まずは「採用力が高まり優秀な人材を確保できる」ことです。健康経営を積極的に取り組む企業であることは、そこで働く人にとって「働きやすい企業」である証でもあります。

「人に優しいイメージ」を新卒者や求職者に持ってもらえることができれば、採用力が高まり、より多くの優秀な人材を集めやすくなるでしょう。企業に入社したいかどうかは「報酬」だけが基準ではありません。「やりがい」「将来性」「成長性」など多くの要件で総合的に判断します。

健康経営優良法人の認定によって優秀な人材が増えれば、それだけ今後の企業成長につながるでしょう。

生産性やモチベーションのアップにつながる

次は従業員の「生産性やモチベーションのアップにつながる」ことです。経営者や経営幹部が健康経営に対して真摯に向き合う姿を見れば、従業員は安心してその企業で働くことができます。
安心して働ける企業の従業員は、自身でモチベーションを向上させ、やがて生産性の向上にもつながっていくでしょう。企業にとって従業員は最も重要な原資であり、その従業員の原資は「健康」から生まれるのです。 

企業が従業員の健康に投資することは、すなわち労働環境を整えることでもあります。健康な従業員が多い企業からは新しい発想が生まれ、新たなビジネスへとつながるでしょう。

企業イメージが向上し投資家へ好印象を与える

健康経営優良法人やホワイト500に認定されると、経済産業省の公式ホームページに社名が掲載され、認定企業しか利用できないロゴマークの使用が許されます。

取引先や顧客に対して健康経営の取り組みをアピールすることが可能です。また上場企業では投資家から「信頼できる企業」として判断してもらえる可能性もあります。

ブランド力が高まり販売促進につながる

最後は「ブランド力が高まり販売促進につながる」ことです。例えば、同じような商品やサービスを同じ価格で2社が販売しているとき、何を基準にして購入を決めるでしょうか。

購入の意思決定にはブランド力や知名度が大きく寄与します。健康経営優良法人の認定は企業のブランド力を上げ、やがて販売促進へとつながるのです。

「健康経営優良法人」の申請方法と流れ

健康経営優良法人認定のための申請方法とおおまかな流れについても確認しておきましょう。

1. 健康経営優良法人認定のための「健康経営度調査」に対して回答する
2. 調査結果から「健康経営優良法人」の基準をクリアしているか評価される
3. 経済産業省から通知がくる。調査結果の返却と同時に「適合状況兼申請用紙」が送付される
4. 「適合状況兼申請用紙」に保険者と連名で記入し、日本健康会議健康経営優良法人認定委員会事務局へ提出して申請
5. 認定審査の実施
6. 認定委員会から認定

まずは、経済産業省が実施する健康経営優良法人認定のための「健康経営度調査」に対して回答を行います。この調査からは、企業の基本情報や健康経営にどのように取り組んでいるか、取り組みがどのように変化しているかが分かり、その企業の経営状況を知ることができます。

調査評価にあたって、経営状況だけではなく経営者が健康経営に対してどのような考え方をもっているかという面が重要視されることは、「健康経営優良法人」の認定審査の際と同様です。

評価の結果「適合」と判断された企業は「申請資格」をやっと得ることになるのです。「健康経営優良法人」認定申請の前に、まずはこの「健康経営度調査」で適合を受けられるかどうかが当面の目標となります。

健康経営優良法人を視野にいれながら健康経営に取り組もう

ここまで「健康経営優良法人」の概要や認定基準、得られるメリットを解説しました。「健康経営優良法人」認定制度に注目が集まったその背景には「ブラック企業」が社会問題として取り上げられてくるようになったことがあります。

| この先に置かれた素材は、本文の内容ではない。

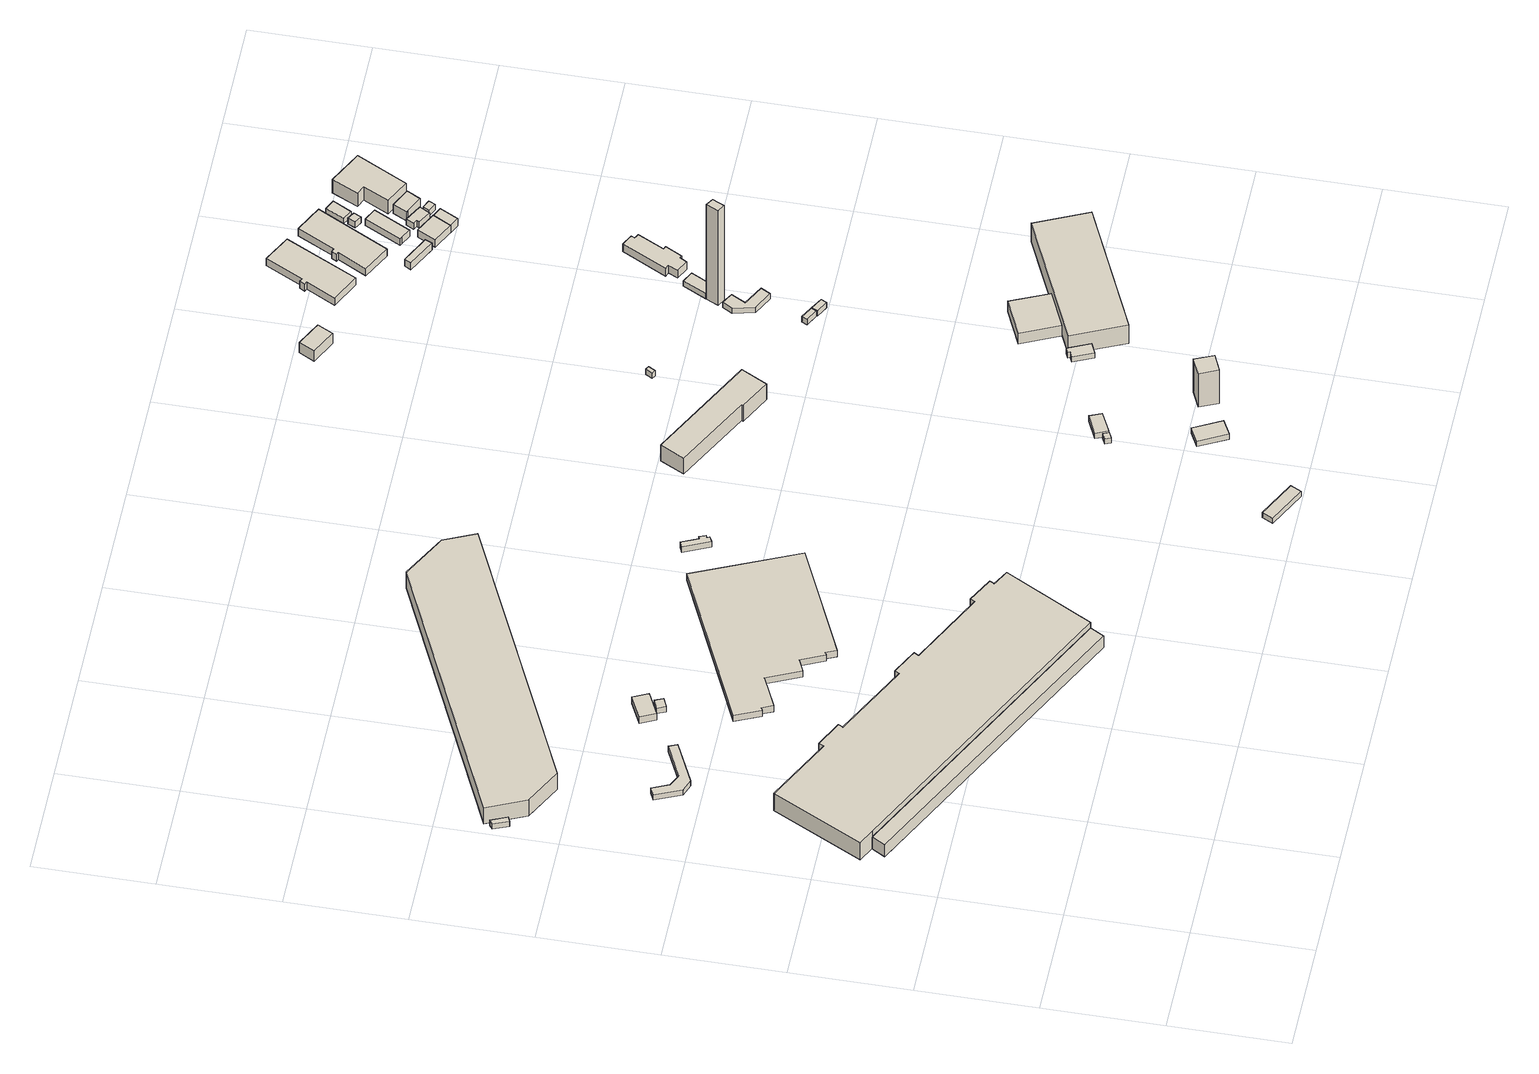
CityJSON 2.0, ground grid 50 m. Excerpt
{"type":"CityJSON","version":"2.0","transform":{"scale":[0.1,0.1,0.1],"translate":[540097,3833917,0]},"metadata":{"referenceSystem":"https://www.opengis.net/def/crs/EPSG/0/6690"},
"CityObjects":{
"building1":{"type":"Building","attributes":{"class":"3001","BuildingDetailAttribute.specifiedBuildingCoverageRate":0.6,"BuildingDetailAttribute.surveyYear":2017,"BuildingTsunamiRiskAttribute.description":"1","BuildingTsunamiRiskAttribute.rank":"2","BuildingTsunamiRiskAttribute.depth":0.51,"BuildingHighTideRiskAttribute.description":"1","BuildingHighTideRiskAttribute.rank":"2","BuildingHighTideRiskAttribute.depth":2.77,"BuildingIDAttribute.prefecture":"27","BuildingIDAttribute.city":"27107"},"geometry":[{"type":"Solid","lod":"1","boundaries":[[[[0,1,2,3]],[[2,4,5,3]],[[1,6,4,2]],[[0,7,6,1]],[[3,5,7,0]],[[4,6,7,5]]]]}]},
"building2":{"type":"Building","attributes":{"計測周辺長":74.93,"1/2500図郭":65,"区名":"港区","町丁目名称":"海岸通３丁目","街区番号":9,"class":"3003","usage":"431","storeysAboveGround":1,"BuildingDetailAttribute.buildingRoofEdgeArea":138.04,"BuildingDetailAttribute.buildingStructureType":"610","BuildingDetailAttribute.buildingStructureOrgType":"2","BuildingDetailAttribute.detailedUsage":"1710","BuildingDetailAttribute.specifiedBuildingCoverageRate":0.6,"BuildingDetailAttribute.surveyYear":2017,"BuildingHighTideRiskAttribute.description":"1","BuildingHighTideRiskAttribute.rank":"2","BuildingHighTideRiskAttribute.depth":2.12,"BuildingIDAttribute.prefecture":"27","BuildingIDAttribute.city":"27107"},"geometry":[{"type":"Solid","lod":"1","boundaries":[[[[8,9,10,11,12,13,14,15]],[[14,16,17,15]],[[13,18,16,14]],[[12,19,18,13]],[[11,20,19,12]],[[10,21,20,11]],[[9,22,21,10]],[[8,23,22,9]],[[15,17,23,8]],[[16,18,19,20,21,22,23,17]]]]}]},
"building3":{"type":"Building","attributes":{"計測周辺長":292.19,"1/2500図郭":65,"区名":"港区","町丁目名称":"海岸通３丁目","街区番号":8,"class":"3003","usage":"431","measuredHeight":6.8,"storeysAboveGround":1,"BuildingDetailAttribute.buildingRoofEdgeArea":905.91,"BuildingDetailAttribute.buildingStructureType":"610","BuildingDetailAttribute.buildingStructureOrgType":"2","BuildingDetailAttribute.detailedUsage":"1720","BuildingDetailAttribute.specifiedBuildingCoverageRate":0.6,"BuildingDetailAttribute.surveyYear":2017,"BuildingTsunamiRiskAttribute.description":"1","BuildingTsunamiRiskAttribute.rank":"2","BuildingTsunamiRiskAttribute.depth":0.83,"BuildingHighTideRiskAttribute.description":"1","BuildingHighTideRiskAttribute.rank":"2","BuildingHighTideRiskAttribute.depth":2.86,"BuildingIDAttribute.prefecture":"27","BuildingIDAttribute.city":"27107"},"geometry":[{"type":"Solid","lod":"1","boundaries":[[[[24,25,26,27]],[[26,28,29,27]],[[25,30,28,26]],[[24,31,30,25]],[[27,29,31,24]],[[28,30,31,29]]]]}]},
"building4":{"type":"Building","attributes":{"計測周辺長":394.34,"1/2500図郭":65,"区名":"港区","町丁目名称":"海岸通３丁目","街区番号":8,"class":"3001","usage":"431","measuredHeight":9.8,"storeysAboveGround":2,"BuildingDetailAttribute.buildingRoofEdgeArea":6350.5,"BuildingDetailAttribute.buildingStructureType":"610","BuildingDetailAttribute.buildingStructureOrgType":"2","BuildingDetailAttribute.detailedUsage":"1720","BuildingDetailAttribute.specifiedBuildingCoverageRate":0.6,"BuildingDetailAttribute.surveyYear":2017,"BuildingTsunamiRiskAttribute.description":"1","BuildingTsunamiRiskAttribute.rank":"1","BuildingTsunamiRiskAttribute.depth":0.3,"BuildingHighTideRiskAttribute.description":"1","BuildingHighTideRiskAttribute.rank":"2","BuildingHighTideRiskAttribute.depth":2.29,"BuildingIDAttribute.prefecture":"27","BuildingIDAttribute.city":"27107"},"geometry":[{"type":"Solid","lod":"1","boundaries":[[[[32,33,34,35,36,37,38,39,40,41,42,43,44,45,46,47,48]],[[47,49,50,48]],[[46,51,49,47]],[[45,52,51,46]],[[44,53,52,45]],[[43,54,53,44]],[[42,55,54,43]],[[41,56,55,42]],[[40,57,56,41]],[[39,58,57,40]],[[38,59,58,39]],[[37,60,59,38]],[[36,61,60,37]],[[35,62,61,36]],[[34,63,62,35]],[[33,64,63,34]],[[32,65,64,33]],[[48,50,65,32]],[[49,51,52,53,54,55,56,57,58,59,60,61,62,63,64,65,50]]]]}]},
"building5":{"type":"Building","attributes":{"計測周辺長":36.94,"1/2500図郭":65,"区名":"港区","町丁目名称":"海岸通３丁目","街区番号":9,"class":"3001","usage":"431","measuredHeight":3.8,"storeysAboveGround":1,"BuildingDetailAttribute.buildingRoofEdgeArea":82.57,"BuildingDetailAttribute.buildingStructureType":"610","BuildingDetailAttribute.buildingStructureOrgType":"2","BuildingDetailAttribute.detailedUsage":"1710","BuildingDetailAttribute.specifiedBuildingCoverageRate":0.6,"BuildingDetailAttribute.surveyYear":2017,"BuildingTsunamiRiskAttribute.description":"1","BuildingTsunamiRiskAttribute.rank":"1","BuildingTsunamiRiskAttribute.depth":0.01,"BuildingHighTideRiskAttribute.description":"1","BuildingHighTideRiskAttribute.rank":"2","BuildingHighTideRiskAttribute.depth":2.15,"BuildingIDAttribute.prefecture":"27","BuildingIDAttribute.city":"27107"},"geometry":[{"type":"Solid","lod":"1","boundaries":[[[[66,67,68,69]],[[68,70,71,69]],[[67,72,70,68]],[[66,73,72,67]],[[69,71,73,66]],[[70,72,73,71]]]]}]},
"building6":{"type":"Building","attributes":{"class":"3001","BuildingDetailAttribute.specifiedBuildingCoverageRate":0.6,"BuildingDetailAttribute.surveyYear":2017,"BuildingHighTideRiskAttribute.description":"1","BuildingHighTideRiskAttribute.rank":"2","BuildingHighTideRiskAttribute.depth":2.15,"BuildingIDAttribute.prefecture":"27","BuildingIDAttribute.city":"27107"},"geometry":[{"type":"Solid","lod":"1","boundaries":[[[[74,75,76,77]],[[76,78,79,77]],[[75,80,78,76]],[[74,81,80,75]],[[77,79,81,74]],[[78,80,81,79]]]]}]},
"building7":{"type":"Building","attributes":{"計測周辺長":330.95,"1/2500図郭":65,"区名":"港区","町丁目名称":"海岸通３丁目","街区番号":9,"class":"3001","usage":"431","measuredHeight":9.2,"storeysAboveGround":3,"BuildingDetailAttribute.buildingRoofEdgeArea":4335.14,"BuildingDetailAttribute.buildingStructureType":"610","BuildingDetailAttribute.buildingStructureOrgType":"2","BuildingDetailAttribute.detailedUsage":"1720","BuildingDetailAttribute.specifiedBuildingCoverageRate":0.6,"BuildingDetailAttribute.surveyYear":2017,"BuildingTsunamiRiskAttribute.description":"1","BuildingTsunamiRiskAttribute.rank":"2","BuildingTsunamiRiskAttribute.depth":0.69,"BuildingHighTideRiskAttribute.description":"1","BuildingHighTideRiskAttribute.rank":"2","BuildingHighTideRiskAttribute.depth":2.79,"BuildingIDAttribute.prefecture":"27","BuildingIDAttribute.city":"27107"},"geometry":[{"type":"Solid","lod":"1","boundaries":[[[[82,83,84,85,86,87]],[[86,88,89,87]],[[85,90,88,86]],[[84,91,90,85]],[[83,92,91,84]],[[82,93,92,83]],[[87,89,93,82]],[[88,90,91,92,93,89]]]]}]},
"building8":{"type":"Building","attributes":{"計測周辺長":248.54,"1/2500図郭":65,"区名":"港区","町丁目名称":"海岸通３丁目","街区番号":7,"class":"3003","usage":"431","measuredHeight":3.5,"storeysAboveGround":2,"BuildingDetailAttribute.buildingRoofEdgeArea":3027.41,"BuildingDetailAttribute.buildingStructureType":"603","BuildingDetailAttribute.buildingStructureOrgType":"3","BuildingDetailAttribute.detailedUsage":"1740","BuildingDetailAttribute.specifiedBuildingCoverageRate":0.6,"BuildingDetailAttribute.surveyYear":2017,"BuildingHighTideRiskAttribute.description":"1","BuildingHighTideRiskAttribute.rank":"2","BuildingHighTideRiskAttribute.depth":1.76,"BuildingIDAttribute.prefecture":"27","BuildingIDAttribute.city":"27107"},"geometry":[{"type":"Solid","lod":"1","boundaries":[[[[94,95,96,97,98,99,100,101,102,103,104,105]],[[104,106,107,105]],[[103,108,106,104]],[[102,109,108,103]],[[101,110,109,102]],[[100,111,110,101]],[[99,112,111,100]],[[98,113,112,99]],[[97,114,113,98]],[[96,115,114,97]],[[95,116,115,96]],[[94,117,116,95]],[[105,107,117,94]],[[106,108,109,110,111,112,113,114,115,116,117,107]]]]}]},
"building9":{"type":"Building","attributes":{"class":"3001","BuildingDetailAttribute.specifiedBuildingCoverageRate":0.6,"BuildingDetailAttribute.surveyYear":2017,"BuildingTsunamiRiskAttribute.description":"1","BuildingTsunamiRiskAttribute.rank":"1","BuildingTsunamiRiskAttribute.depth":0.48,"BuildingHighTideRiskAttribute.description":"1","BuildingHighTideRiskAttribute.rank":"3","BuildingHighTideRiskAttribute.depth":3.5,"BuildingIDAttribute.prefecture":"27","BuildingIDAttribute.city":"27107"},"geometry":[{"type":"Solid","lod":"1","boundaries":[[[[118,119,120,121]],[[120,122,123,121]],[[119,124,122,120]],[[118,125,124,119]],[[121,123,125,118]],[[122,124,125,123]]]]}]},
"building10":{"type":"Building","attributes":{"区名":"港区","町丁目名称":"海岸通３丁目","街区番号":7,"class":"3001","usage":"431","measuredHeight":3.3,"storeysAboveGround":1,"BuildingDetailAttribute.buildingRoofEdgeArea":35.92,"BuildingDetailAttribute.buildingStructureType":"610","BuildingDetailAttribute.buildingStructureOrgType":"2","BuildingDetailAttribute.detailedUsage":"1720","BuildingDetailAttribute.specifiedBuildingCoverageRate":0.6,"BuildingDetailAttribute.surveyYear":2017,"BuildingHighTideRiskAttribute.description":"1","BuildingHighTideRiskAttribute.rank":"2","BuildingHighTideRiskAttribute.depth":2,"BuildingIDAttribute.prefecture":"27","BuildingIDAttribute.city":"27107"},"geometry":[{"type":"Solid","lod":"1","boundaries":[[[[126,127,128,129,130,131,132,133]],[[132,134,135,133]],[[131,136,134,132]],[[130,137,136,131]],[[129,138,137,130]],[[128,139,138,129]],[[127,140,139,128]],[[126,141,140,127]],[[133,135,141,126]],[[134,136,137,138,139,140,141,135]]]]}]},
"building11":{"type":"Building","attributes":{"計測周辺長":19.33,"1/2500図郭":65,"区名":"港区","町丁目名称":"海岸通３丁目","街区番号":9,"class":"3003","usage":"431","storeysAboveGround":1,"BuildingDetailAttribute.buildingRoofEdgeArea":18.75,"BuildingDetailAttribute.buildingStructureType":"610","BuildingDetailAttribute.buildingStructureOrgType":"2","BuildingDetailAttribute.detailedUsage":"1720","BuildingDetailAttribute.specifiedBuildingCoverageRate":0.6,"BuildingDetailAttribute.surveyYear":2017,"BuildingTsunamiRiskAttribute.description":"1","BuildingTsunamiRiskAttribute.rank":"2","BuildingTsunamiRiskAttribute.depth":0.91,"BuildingHighTideRiskAttribute.description":"1","BuildingHighTideRiskAttribute.rank":"3","BuildingHighTideRiskAttribute.depth":3.16,"BuildingIDAttribute.prefecture":"27","BuildingIDAttribute.city":"27107"},"geometry":[{"type":"Solid","lod":"1","boundaries":[[[[142,143,144,145]],[[144,146,147,145]],[[143,148,146,144]],[[142,149,148,143]],[[145,147,149,142]],[[146,148,149,147]]]]}]},
"building12":{"type":"Building","attributes":{"class":"3003","BuildingDetailAttribute.specifiedBuildingCoverageRate":0.6,"BuildingDetailAttribute.surveyYear":2017,"BuildingTsunamiRiskAttribute.description":"1","BuildingTsunamiRiskAttribute.rank":"2","BuildingTsunamiRiskAttribute.depth":0.64,"BuildingHighTideRiskAttribute.description":"1","BuildingHighTideRiskAttribute.rank":"3","BuildingHighTideRiskAttribute.depth":3.67,"BuildingIDAttribute.prefecture":"27","BuildingIDAttribute.city":"27107"},"geometry":[{"type":"Solid","lod":"1","boundaries":[[[[150,151,152,153]],[[152,154,155,153]],[[151,156,154,152]],[[150,157,156,151]],[[153,155,157,150]],[[154,156,157,155]]]]}]},
"building13":{"type":"Building","attributes":{"class":"3001","BuildingDetailAttribute.specifiedBuildingCoverageRate":0.6,"BuildingDetailAttribute.surveyYear":2017,"BuildingTsunamiRiskAttribute.description":"1","BuildingTsunamiRiskAttribute.rank":"2","BuildingTsunamiRiskAttribute.depth":0.66,"BuildingHighTideRiskAttribute.description":"1","BuildingHighTideRiskAttribute.rank":"3","BuildingHighTideRiskAttribute.depth":3.7,"BuildingIDAttribute.prefecture":"27","BuildingIDAttribute.city":"27107"},"geometry":[{"type":"Solid","lod":"1","boundaries":[[[[158,159,160,161]],[[160,162,163,161]],[[159,164,162,160]],[[158,165,164,159]],[[161,163,165,158]],[[162,164,165,163]]]]}]},
"building14":{"type":"Building","attributes":{"class":"3001","BuildingDetailAttribute.specifiedBuildingCoverageRate":0.6,"BuildingDetailAttribute.surveyYear":2017,"BuildingTsunamiRiskAttribute.description":"1","BuildingTsunamiRiskAttribute.rank":"2","BuildingTsunamiRiskAttribute.depth":0.77,"BuildingHighTideRiskAttribute.description":"1","BuildingHighTideRiskAttribute.rank":"3","BuildingHighTideRiskAttribute.depth":3.81,"BuildingIDAttribute.prefecture":"27","BuildingIDAttribute.city":"27107"},"geometry":[{"type":"Solid","lod":"1","boundaries":[[[[166,167,168,169]],[[168,170,171,169]],[[167,172,170,168]],[[166,173,172,167]],[[169,171,173,166]],[[170,172,173,171]]]]}]},
"building15":{"type":"Building","attributes":{"計測周辺長":33.28,"1/2500図郭":65,"区名":"港区","町丁目名称":"海岸通３丁目","街区番号":5,"class":"3001","usage":"441","measuredHeight":19.1,"storeysAboveGround":5,"BuildingDetailAttribute.buildingRoofEdgeArea":69.17,"BuildingDetailAttribute.buildingStructureType":"610","BuildingDetailAttribute.buildingStructureOrgType":"2","BuildingDetailAttribute.detailedUsage":"1520","BuildingDetailAttribute.specifiedBuildingCoverageRate":0.6,"BuildingDetailAttribute.surveyYear":2017,"BuildingTsunamiRiskAttribute.description":"1","BuildingTsunamiRiskAttribute.rank":"2","BuildingTsunamiRiskAttribute.depth":0.73,"BuildingHighTideRiskAttribute.description":"1","BuildingHighTideRiskAttribute.rank":"3","BuildingHighTideRiskAttribute.depth":3.77,"BuildingIDAttribute.prefecture":"27","BuildingIDAttribute.city":"27107"},"geometry":[{"type":"Solid","lod":"1","boundaries":[[[[174,175,176,177]],[[176,178,179,177]],[[175,180,178,176]],[[174,181,180,175]],[[177,179,181,174]],[[178,180,181,179]]]]}]},
"building16":{"type":"Building","attributes":{"区名":"港区","町丁目名称":"海岸通３丁目","街区番号":7,"class":"3001","usage":"431","measuredHeight":9.1,"storeysAboveGround":1,"BuildingDetailAttribute.buildingRoofEdgeArea":597.41,"BuildingDetailAttribute.buildingStructureType":"610","BuildingDetailAttribute.buildingStructureOrgType":"2","BuildingDetailAttribute.detailedUsage":"1720","BuildingDetailAttribute.specifiedBuildingCoverageRate":0.6,"BuildingDetailAttribute.surveyYear":2017,"BuildingTsunamiRiskAttribute.description":"1","BuildingTsunamiRiskAttribute.rank":"1","BuildingTsunamiRiskAttribute.depth":0.01,"BuildingHighTideRiskAttribute.description":"1","BuildingHighTideRiskAttribute.rank":"2","BuildingHighTideRiskAttribute.depth":2.08,"BuildingIDAttribute.prefecture":"27","BuildingIDAttribute.city":"27107"},"geometry":[{"type":"Solid","lod":"1","boundaries":[[[[182,183,184,185,186,187]],[[186,188,189,187]],[[185,190,188,186]],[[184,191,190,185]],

「健康経営優良法人」に認定されている企業は、積極的に健康経営を実践しているころを「見える化」できるため、他社との差別化を図れます。そして、社会全体が「健康経営」を意識し、企業の責任のもとで従業員の健康が守られる日本にするために、国は推進しているのです。

「健康経営優良法人」取得を視野にいれて健康経営に取り組むことが今後の企業には求められます。